Philadelphia chromosome-like (Ph-like) is a high-risk subtype of Acute Lymphoblastic Leukemia (ALL) that lacks the expression of the BCR-ABL1 (Breakpoint cluster region-Abelson oncogene) fusion gene, typically found in Ph-positive ALL, yet exhibits similar clinical behavior. The Ph-like subtype accounts for 18-25% of worldwide cases in young adults, with males from 21 to 29 age group being the most affected. There is no official registry of the incidence of Ph-like translocation but there's documentation of positive cases among White, African-American and Asian populations, especially in children. Particularly, Ph-like subtype which is also present in Hispanic adults is characterized by chemo-resistance to therapy leading to higher relapse rates and overall poorer survival compared to other ALL diagnoses. Ph-like ALL is characterized by molecular alterations affecting B cell proliferation, differentiation and cell cycle regulation. These include fusion translocations involving the ABL1 gene with a variety of partner genes such as RANBP2-ABL1. The resulting chimeric proteins exhibit enhanced tyrosine kinase activity, disrupting normal signaling pathways by up regulating the mitogen-activate protein kinase (MAPK) and the phosphoinositide 3-kinase (PI3K) pathways. Additionally, CRLF2 rearrangements and alterations in JAK2, EPOR, FLTS, NTRK3 and RAS genes are commonly found in Ph-like ALL. This case describes a Ph-like ALL patient in Ecuador, the first reported instance in the country.

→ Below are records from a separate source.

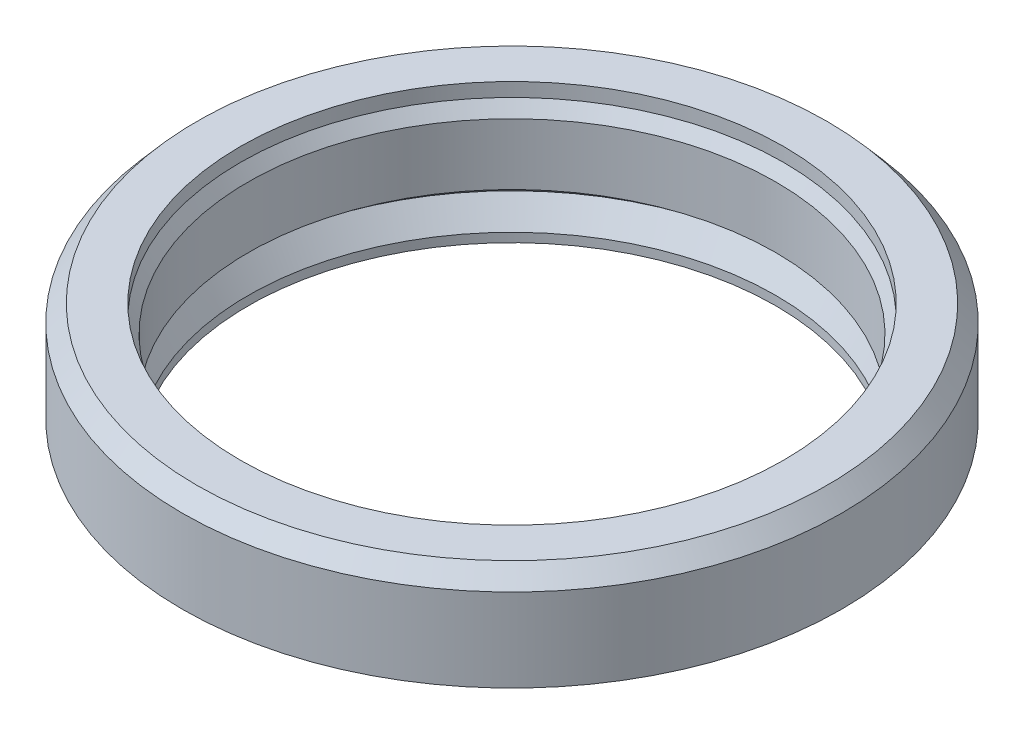
ISO-10303-21;
HEADER;
FILE_DESCRIPTION(('STEP AP214'),'2;1');
FILE_NAME('part.step','',(''),(''),'','','');
FILE_SCHEMA(('AUTOMOTIVE_DESIGN { 1 0 10303 214 1 1 1 1 }'));
ENDSEC;
DATA;
#1=APPLICATION_CONTEXT('core data for automotive mechanical design processes');
#2=APPLICATION_PROTOCOL_DEFINITION('international standard','automotive_design',2000,#1);
#3=PRODUCT_CONTEXT('',#1,'mechanical');
#4=PRODUCT('Part','Part','',(#3));
#5=PRODUCT_RELATED_PRODUCT_CATEGORY('part','',(#4));
#6=PRODUCT_DEFINITION_FORMATION('','',#4);
#7=PRODUCT_DEFINITION_CONTEXT('part definition',#1,'design');
#8=PRODUCT_DEFINITION('design','',#6,#7);
#9=PRODUCT_DEFINITION_SHAPE('','',#8);
#10=(LENGTH_UNIT() NAMED_UNIT(*) SI_UNIT(.MILLI.,.METRE.));
#11=(NAMED_UNIT(*) PLANE_ANGLE_UNIT() SI_UNIT($,.RADIAN.));
#12=(NAMED_UNIT(*) SI_UNIT($,.STERADIAN.) SOLID_ANGLE_UNIT());
#13=UNCERTAINTY_MEASURE_WITH_UNIT(LENGTH_MEASURE(1.E-05),#10,'distance_accuracy_value','');
#14=(GEOMETRIC_REPRESENTATION_CONTEXT(3) GLOBAL_UNCERTAINTY_ASSIGNED_CONTEXT((#13)) GLOBAL_UNIT_ASSIGNED_CONTEXT((#10,
#11,#12)) REPRESENTATION_CONTEXT('',''));
#15=CARTESIAN_POINT('',(0.,0.,0.));
#16=DIRECTION('',(0.,0.,1.));
#17=DIRECTION('',(1.,0.,0.));
#18=AXIS2_PLACEMENT_3D('',#15,#16,#17);
#19=CARTESIAN_POINT('',(0.,1.50344951244718,0.));
#20=DIRECTION('',(0.,-1.,0.));
#21=DIRECTION('',(0.,0.,-1.));
#22=AXIS2_PLACEMENT_3D('',#19,#20,#21);
#23=CONICAL_SURFACE('',#22,8.4746217494831,0.909219469299368);
#24=CARTESIAN_POINT('',(0.,1.87300646214803,0.));
#25=DIRECTION('',(0.,1.,0.));
#26=DIRECTION('',(0.,0.,1.));
#27=AXIS2_PLACEMENT_3D('',#24,#25,#26);
#28=CIRCLE('',#27,8.);
#29=CARTESIAN_POINT('',(0.,1.87300646214803,8.));
#30=VERTEX_POINT('',#29);
#31=EDGE_CURVE('E59',#30,#30,#28,.T.);
#32=ORIENTED_EDGE('',*,*,#31,.T.);
#33=EDGE_LOOP('',(#32));
#34=FACE_BOUND('',#33,.T.);
#35=CARTESIAN_POINT('',(0.,1.50344951244718,0.));
#36=DIRECTION('',(0.,1.,0.));
#37=DIRECTION('',(0.,0.,1.));
#38=AXIS2_PLACEMENT_3D('',#35,#36,#37);
#39=CIRCLE('',#38,8.4746217494831);
#40=CARTESIAN_POINT('',(0.,1.50344951244718,8.4746217494831));
#41=VERTEX_POINT('',#40);
#42=EDGE_CURVE('E103',#41,#41,#39,.T.);
#43=ORIENTED_EDGE('',*,*,#42,.F.);
#44=EDGE_LOOP('',(#43));
#45=FACE_BOUND('',#44,.T.);
#46=ADVANCED_FACE('F45',(#34,#45),#23,.F.);
#47=CARTESIAN_POINT('',(0.,26.0986959657604,0.));
#48=DIRECTION('',(0.,1.,0.));
#49=DIRECTION('',(0.,0.,1.));
#50=AXIS2_PLACEMENT_3D('',#47,#48,#49);
#51=CYLINDRICAL_SURFACE('',#50,8.);
#52=CARTESIAN_POINT('',(0.,3.73055649870235,0.));
#53=DIRECTION('',(0.,1.,0.));
#54=DIRECTION('',(0.,0.,1.));
#55=AXIS2_PLACEMENT_3D('',#52,#53,#54);
#56=CIRCLE('',#55,8.);
#57=CARTESIAN_POINT('',(0.,3.73055649870235,8.));
#58=VERTEX_POINT('',#57);
#59=EDGE_CURVE('E65',#58,#58,#56,.T.);
#60=ORIENTED_EDGE('',*,*,#59,.T.);
#61=EDGE_LOOP('',(#60));
#62=FACE_BOUND('',#61,.T.);
#63=ORIENTED_EDGE('',*,*,#31,.F.);
#64=EDGE_LOOP('',(#63));
#65=FACE_BOUND('',#64,.T.);
#66=ADVANCED_FACE('F113',(#62,#65),#51,.F.);
#67=CARTESIAN_POINT('',(0.,3.73055649870235,0.));
#68=DIRECTION('',(0.,1.,0.));
#69=DIRECTION('',(0.,0.,1.));
#70=AXIS2_PLACEMENT_3D('',#67,#68,#69);
#71=CONICAL_SURFACE('',#70,8.,0.55259550371704);
#72=CARTESIAN_POINT('',(0.,4.12029158232673,0.));
#73=DIRECTION('',(0.,1.,0.));
#74=DIRECTION('',(0.,0.,1.));
#75=AXIS2_PLACEMENT_3D('',#72,#73,#74);
#76=CIRCLE('',#75,8.24034263484696);
#77=CARTESIAN_POINT('',(0.,4.12029158232673,8.24034263484696));
#78=VERTEX_POINT('',#77);
#79=EDGE_CURVE('E71',#78,#78,#76,.T.);
#80=ORIENTED_EDGE('',*,*,#79,.T.);
#81=EDGE_LOOP('',(#80));
#82=FACE_BOUND('',#81,.T.);
#83=ORIENTED_EDGE('',*,*,#59,.F.);
#84=EDGE_LOOP('',(#83));
#85=FACE_BOUND('',#84,.T.);
#86=ADVANCED_FACE('F118',(#82,#85),#71,.F.);
#87=CARTESIAN_POINT('',(0.,26.0986959657604,0.));
#88=DIRECTION('',(0.,1.,0.));
#89=DIRECTION('',(0.,0.,1.));
#90=AXIS2_PLACEMENT_3D('',#87,#88,#89);
#91=CYLINDRICAL_SURFACE('',#90,8.24034263484696);
#92=CARTESIAN_POINT('',(0.,4.53930742408738,0.));
#93=DIRECTION('',(0.,1.,0.));
#94=DIRECTION('',(0.,0.,1.));
#95=AXIS2_PLACEMENT_3D('',#92,#93,#94);
#96=CIRCLE('',#95,8.24034263484696);
#97=CARTESIAN_POINT('',(0.,4.53930742408738,8.24034263484696));
#98=VERTEX_POINT('',#97);
#99=EDGE_CURVE('E75',#98,#98,#96,.T.);
#100=ORIENTED_EDGE('',*,*,#99,.T.);
#101=EDGE_LOOP('',(#100));
#102=FACE_BOUND('',#101,.T.);
#103=ORIENTED_EDGE('',*,*,#79,.F.);
#104=EDGE_LOOP('',(#103));
#105=FACE_BOUND('',#104,.T.);
#106=ADVANCED_FACE('F124',(#102,#105),#91,.F.);
#107=CARTESIAN_POINT('',(-8.24034263484696,4.53930742408738,0.));
#108=DIRECTION('',(0.,1.,0.));
#109=DIRECTION('',(0.,0.,1.));
#110=AXIS2_PLACEMENT_3D('',#107,#108,#109);
#111=PLANE('',#110);
#112=CARTESIAN_POINT('',(0.,4.53930742408738,0.));
#113=DIRECTION('',(0.,1.,0.));
#114=DIRECTION('',(0.,0.,1.));
#115=AXIS2_PLACEMENT_3D('',#112,#113,#114);
#116=CIRCLE('',#115,9.55896792381629);
#117=CARTESIAN_POINT('',(0.,4.53930742408738,9.55896792381629));
#118=VERTEX_POINT('',#117);
#119=EDGE_CURVE('E79',#118,#118,#116,.T.);
#120=ORIENTED_EDGE('',*,*,#119,.T.);
#121=EDGE_LOOP('',(#120));
#122=FACE_BOUND('',#121,.T.);
#123=ORIENTED_EDGE('',*,*,#99,.F.);
#124=EDGE_LOOP('',(#123));
#125=FACE_BOUND('',#124,.T.);
#126=ADVANCED_FACE('F128',(#122,#125),#111,.T.);
#127=CARTESIAN_POINT('',(0.,4.53930742408738,0.));
#128=DIRECTION('',(0.,-1.,0.));
#129=DIRECTION('',(0.,0.,-1.));
#130=AXIS2_PLACEMENT_3D('',#127,#128,#129);
#131=CONICAL_SURFACE('',#130,9.55896792381629,0.709682175195729);
#132=CARTESIAN_POINT('',(0.,4.02630535035488,0.));
#133=DIRECTION('',(0.,1.,0.));
#134=DIRECTION('',(0.,0.,1.));
#135=AXIS2_PLACEMENT_3D('',#132,#133,#134);
#136=CIRCLE('',#135,9.99962448835879);
#137=CARTESIAN_POINT('',(0.,4.02630535035488,9.99962448835879));
#138=VERTEX_POINT('',#137);
#139=EDGE_CURVE('E83',#138,#138,#136,.T.);
#140=ORIENTED_EDGE('',*,*,#139,.T.);
#141=EDGE_LOOP('',(#140));
#142=FACE_BOUND('',#141,.T.);
#143=ORIENTED_EDGE('',*,*,#119,.F.);
#144=EDGE_LOOP('',(#143));
#145=FACE_BOUND('',#144,.T.);
#146=ADVANCED_FACE('F132',(#142,#145),#131,.T.);
#147=CARTESIAN_POINT('',(0.,26.0986959657604,0.));
#148=DIRECTION('',(0.,1.,0.));
#149=DIRECTION('',(0.,0.,1.));
#150=AXIS2_PLACEMENT_3D('',#147,#148,#149);
#151=CYLINDRICAL_SURFACE('',#150,9.99962448835879);
#152=CARTESIAN_POINT('',(0.,1.50344951244718,0.));
#153=DIRECTION('',(0.,1.,0.));
#154=DIRECTION('',(0.,0.,1.));
#155=AXIS2_PLACEMENT_3D('',#152,#153,#154);
#156=CIRCLE('',#155,9.99962448835879);
#157=CARTESIAN_POINT('',(0.,1.50344951244718,9.99962448835879));
#158=VERTEX_POINT('',#157);
#159=EDGE_CURVE('E87',#158,#158,#156,.T.);
#160=ORIENTED_EDGE('',*,*,#159,.T.);
#161=EDGE_LOOP('',(#160));
#162=FACE_BOUND('',#161,.T.);
#163=ORIENTED_EDGE('',*,*,#139,.F.);
#164=EDGE_LOOP('',(#163));
#165=FACE_BOUND('',#164,.T.);
#166=ADVANCED_FACE('F136',(#162,#165),#151,.T.);
#167=CARTESIAN_POINT('',(-9.99962448835879,1.50344951244718,0.));
#168=DIRECTION('',(0.,-1.,0.));
#169=DIRECTION('',(0.,0.,-1.));
#170=AXIS2_PLACEMENT_3D('',#167,#168,#169);
#171=PLANE('',#170);
#172=CARTESIAN_POINT('',(0.,1.50344951244718,0.));
#173=DIRECTION('',(0.,-1.,0.));
#174=DIRECTION('',(0.,0.,-1.));
#175=AXIS2_PLACEMENT_3D('',#172,#173,#174);
#176=CIRCLE('',#175,9.17320615802128);
#177=CARTESIAN_POINT('',(0.,1.50344951244718,-9.17320615802128));
#178=VERTEX_POINT('',#177);
#179=EDGE_CURVE('E53',#178,#178,#176,.F.);
#180=ORIENTED_EDGE('',*,*,#179,.T.);
#181=EDGE_LOOP('',(#180));
#182=FACE_BOUND('',#181,.T.);
#183=ORIENTED_EDGE('',*,*,#159,.F.);
#184=EDGE_LOOP('',(#183));
#185=FACE_BOUND('',#184,.T.);
#186=ADVANCED_FACE('F140',(#182,#185),#171,.T.);
#187=CARTESIAN_POINT('',(0.,1.50344951244718,0.));
#188=DIRECTION('',(0.,1.,0.));
#189=DIRECTION('',(0.,0.,1.));
#190=AXIS2_PLACEMENT_3D('',#187,#188,#189);
#191=CONICAL_SURFACE('',#190,8.89711842390062,0.561772523563147);
#192=CARTESIAN_POINT('',(0.,1.26979308361319,0.));
#193=DIRECTION('',(0.,1.,0.));
#194=DIRECTION('',(0.,0.,1.));
#195=AXIS2_PLACEMENT_3D('',#192,#193,#194);
#196=CIRCLE('',#195,8.75005003777896);
#197=CARTESIAN_POINT('',(0.,1.26979308361319,8.75005003777896));
#198=VERTEX_POINT('',#197);
#199=EDGE_CURVE('E10',#198,#198,#196,.F.);
#200=ORIENTED_EDGE('',*,*,#199,.T.);
#201=EDGE_LOOP('',(#200));
#202=FACE_BOUND('',#201,.T.);
#203=CARTESIAN_POINT('',(0.,0.475546818802346,0.));
#204=DIRECTION('',(0.,1.,0.));
#205=DIRECTION('',(0.,0.,1.));
#206=AXIS2_PLACEMENT_3D('',#203,#204,#205);
#207=CIRCLE('',#206,8.25013434133615);
#208=CARTESIAN_POINT('',(0.,0.475546818802346,8.25013434133615));
#209=VERTEX_POINT('',#208);
#210=EDGE_CURVE('E91',#209,#209,#207,.T.);
#211=ORIENTED_EDGE('',*,*,#210,.T.);
#212=EDGE_LOOP('',(#211));
#213=FACE_BOUND('',#212,.T.);
#214=ADVANCED_FACE('F144',(#202,#213),#191,.T.);
#215=CARTESIAN_POINT('',(-7.99999999999999,0.475546818802347,0.));
#216=DIRECTION('',(0.,-1.,0.));
#217=DIRECTION('',(0.,0.,-1.));
#218=AXIS2_PLACEMENT_3D('',#215,#216,#217);
#219=PLANE('',#218);
#220=CARTESIAN_POINT('',(0.,0.475546818802346,0.));
#221=DIRECTION('',(0.,1.,0.));
#222=DIRECTION('',(0.,0.,1.));
#223=AXIS2_PLACEMENT_3D('',#220,#221,#222);
#224=CIRCLE('',#223,7.99999999999999);
#225=CARTESIAN_POINT('',(0.,0.475546818802346,7.99999999999999));
#226=VERTEX_POINT('',#225);
#227=EDGE_CURVE('E95',#226,#226,#224,.T.);
#228=ORIENTED_EDGE('',*,*,#227,.T.);
#229=EDGE_LOOP('',(#228));
#230=FACE_BOUND('',#229,.T.);
#231=ORIENTED_EDGE('',*,*,#210,.F.);
#232=EDGE_LOOP('',(#231));
#233=FACE_BOUND('',#232,.T.);
#234=ADVANCED_FACE('F147',(#230,#233),#219,.T.);
#235=CARTESIAN_POINT('',(0.,26.0986959657604,0.));
#236=DIRECTION('',(0.,1.,0.));
#237=DIRECTION('',(0.,0.,1.));
#238=AXIS2_PLACEMENT_3D('',#235,#236,#237);
#239=CYLINDRICAL_SURFACE('',#238,8.);
#240=CARTESIAN_POINT('',(0.,0.749389269075595,0.));
#241=DIRECTION('',(0.,1.,0.));
#242=DIRECTION('',(0.,0.,1.));
#243=AXIS2_PLACEMENT_3D('',#240,#241,#242);
#244=CIRCLE('',#243,8.);
#245=CARTESIAN_POINT('',(0.,0.749389269075595,8.));
#246=VERTEX_POINT('',#245);
#247=EDGE_CURVE('E99',#246,#246,#244,.T.);
#248=ORIENTED_EDGE('',*,*,#247,.T.);
#249=EDGE_LOOP('',(#248));
#250=FACE_BOUND('',#249,.T.);
#251=ORIENTED_EDGE('',*,*,#227,.F.);
#252=EDGE_LOOP('',(#251));
#253=FACE_BOUND('',#252,.T.);
#254=ADVANCED_FACE('F150',(#250,#253),#239,.F.);
#255=CARTESIAN_POINT('',(0.,0.749389269075595,0.));
#256=DIRECTION('',(0.,1.,0.));
#257=DIRECTION('',(0.,0.,1.));
#258=AXIS2_PLACEMENT_3D('',#255,#256,#257);
#259=CONICAL_SURFACE('',#258,8.,0.561772523563147);
#260=ORIENTED_EDGE('',*,*,#42,.T.);
#261=EDGE_LOOP('',(#260));
#262=FACE_BOUND('',#261,.T.);
#263=ORIENTED_EDGE('',*,*,#247,.F.);
#264=EDGE_LOOP('',(#263));
#265=FACE_BOUND('',#264,.T.);
#266=ADVANCED_FACE('F109',(#262,#265),#259,.F.);
#267=CARTESIAN_POINT('',(0.,1.00344951244718,0.));
#268=DIRECTION('',(0.,-1.,0.));
#269=DIRECTION('',(0.,0.,-1.));
#270=AXIS2_PLACEMENT_3D('',#267,#268,#269);
#271=TOROIDAL_SURFACE('',#270,9.17320615802128,0.5);
#272=ORIENTED_EDGE('',*,*,#199,.F.);
#273=EDGE_LOOP('',(#272));
#274=FACE_BOUND('',#273,.T.);
#275=ORIENTED_EDGE('',*,*,#179,.F.);
#276=EDGE_LOOP('',(#275));
#277=FACE_BOUND('',#276,.T.);
#278=ADVANCED_FACE('F47',(#274,#277),#271,.F.);
#279=CLOSED_SHELL('',(#46,#66,#86,#106,#126,#146,#166,#186,#214,#234,#254,#266,#278));
#280=MANIFOLD_SOLID_BREP('B2',#279);
#281=ADVANCED_BREP_SHAPE_REPRESENTATION('',(#18,#280),#14);
#282=SHAPE_DEFINITION_REPRESENTATION(#9,#281);
ENDSEC;
END-ISO-10303-21;

Identifying Ph-like ALL is challenging due to varying diagnostic method sensitivities. Thus, we employed next generation sequencing (NGS) to analyze DNA and RNA extracted from the patient's bone marrow. DNA and RNA quantification were performed by spectrophotometry (nanodrop) and fluorometric methods (Qubit). Then, using the Ampliseq Myeloid panel, we assessed the presence of hotspot genes of higher oncological risk (n=23), complete exonic genes sequencing (n=17) and RNA fusion initiator genes (n=29) of clinical relevance. This process began with the retrotranscription of the RNA sample to obtain cDNA, followed by amplification of cDNA and DNA targets included in the panel. Then the amplicons were partially digested to allow the index ligation (i7 and i5). Afterwards, the libraries were amplified to achieve an optimal concentration. As a quality control step, a fragment analysis was performed using capillary electrophoresis. We obtained DNA library fragments between 200 and 550 bp and cDNA library fragments between 181 and 373 bp as expected, according to the panel instructive. Finally, the libraries were quantified, denatured, diluted and pooled to reach a final concentration of 8pM to analyze in Miseq Illumina sequencer. The bioinformatic analysis was performed in Franklin platform by Geenox revealing the presence of the RANBP2/ABL1 fusion transcript as a result of translocation at exon 18 of RANBP2 and exon 2 of ABL1 t(2;9)(q12;q34). This finding was classified as a TIER 1 in a 21 male patient with ALL, which event is concordant with the diagnosis and relapse situation of the patient (central nervous system and testicular compromised). These types of fusions only involving the ABL1 gene without BCR are kinase activators, typically distinctive of Ph-like ALL. ABL1 is considered as the key partner that defines the functional/oncogenic effects of the fusion protein. Our findings reveal the first Ph-Like ALL case documented in Ecuador, highlighting the importance of molecular analysis with vanguard technology as NGS to define a true diagnosis in order to stratify risk and apply targeted therapy in the management of Ph-like ALL patients.

Disclosures

No relevant conflicts of interest to declare.